作品タイトル不明
121:見捨てられた聖人
「さて、そろそろ私は総本山に帰りましょう。やるべきことができましたから」
「教皇様!? お待ちを、我々はどうすれば……」
ネアンは必死に教皇に訴える。
聖人の第二位とはいえ、自分は任務を失敗した。
カオを始末するどころか、レーヴルの第二王子に捕らえられてしまったのだ。
そのせいで教皇に足を運ばせる事態となった。
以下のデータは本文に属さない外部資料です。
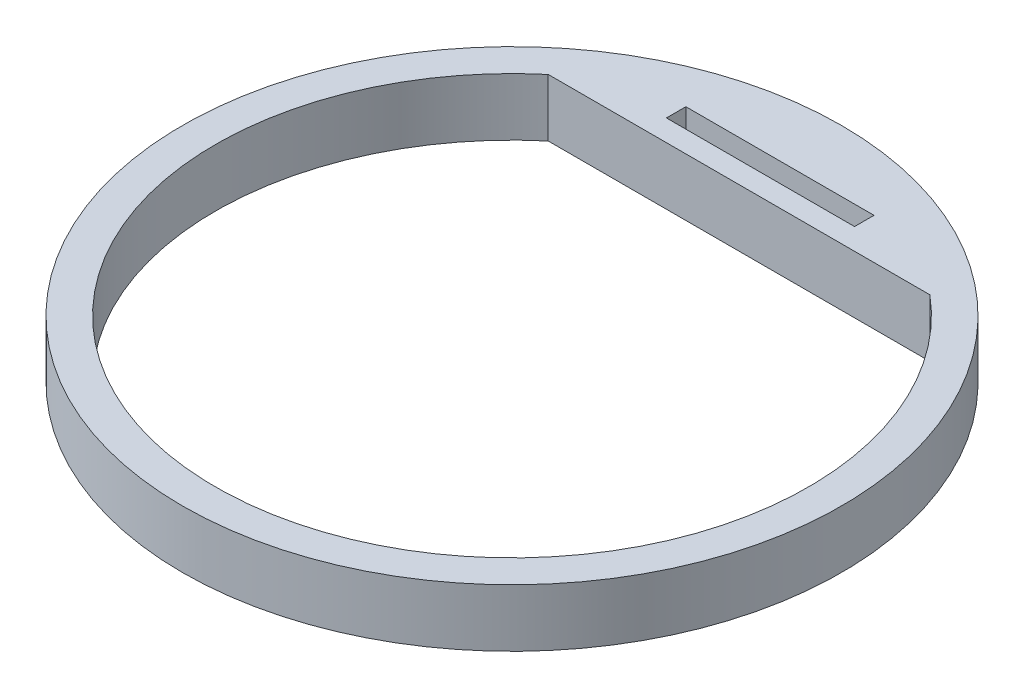
SolidWorks part; units mm, degrees
ref_plane "Front Plane" through (0, 0, 0) normal (0, 0, 1) x (1, 0, 0)
ref_plane "Top Plane" through (0, 0, 0) normal (0, 1, 0) x (1, 0, 0)
ref_plane "Right Plane" through (0, 0, 0) normal (1, 0, 0) x (0, 0, -1)
sketch "Sketch1" plane through (0, 0, 0) normal (0, 1, 0) x (1, 0, 0)
  line L0 (0, 0) -> (0, 35) construction
  line L1 (29.4163, 35) -> (-29.4163, 35)
  circle A0 centre (0, 0) radius 50.8
  circle A1 centre (0, 0) radius 45.72
  point P8 (0, 35)
  dimension "D1" = 101.6
  dimension "D2" = 91.44
  dimension "D3" = 35
extrude "Boss-Extrude1" add sketch "Sketch1" along normal blind 8.89 contours A0 A1 | L1 A1
sketch "Sketch2" plane through (0, 8.89, 0) normal (0, 1, 0) x (1, 0, 0)
  line L0 (0, 50.8) -> (0, 41.3) construction
  line L1 (-14.5, 41.3) -> (14.5, 41.3)
  line L2 (14.5, 41.3) -> (14.5, 38.3)
  line L3 (14.5, 38.3) -> (-14.5, 38.3)
  line L4 (-14.5, 41.3) -> (-14.5, 38.3)
  circle A0 centre (0, 0) radius 50.8 construction
  point P9 (0, 38.3)
  dimension "D1" = 9.5
  dimension "D2" = 14.5
  dimension "D3" = 3
extrude "Cut-Extrude2" cut sketch "Sketch2" against normal blind 127

総本山に戻ってもただでは済まない。
だが、他人に興味のない教皇の答えは素っ気なかった。
「知りません」
「えっ……!?」
ネアンだけではなく、カオやミュスクルも動揺を露わにして彼を眺めた。
「そういえば、失態を犯した人間は制裁を受けるんでしたっけ? 私は枢機卿ほどモーター教の規律に興味はありませんから、勝手にすればいいのでは? それじゃ」
言うなり、教皇は振り返りもせずに魔法でどこかへ転移してしまった。
本気でネアンたちのことなどどうでもいいらしい。
教皇の様子を見るに、ここへ来たのも別の目的があったからなのだろう。
彼はネアンたちより、王子や魔法使いの女の話に興味を持っていた。
(くっそ……っ!)
何年も教皇に憧れ続けてきた。教皇のために聖人としての仕事に精を出してきた。
ただ認められたかった。
だが……。
教皇はネアンなど眼中にないのだ。
ネアンは途方に暮れた。
このまま帰れば処罰されるのがわかりきっているので、総本山へは戻れない。
(はぐれ魔法使いとして生きるのか……? 俺が……?)
それは、今まで魔法使いたちを排斥してきたネアンにとって屈辱的なことだった。
処分される側として逃げ惑う恐怖を、ネアンは初めて自覚する。
だがどうすればいいというのか。
ネアンは聖人としてモーター教の中で暮らす生き方しか知らない。
聖人と聖騎士たちを絶望が襲った。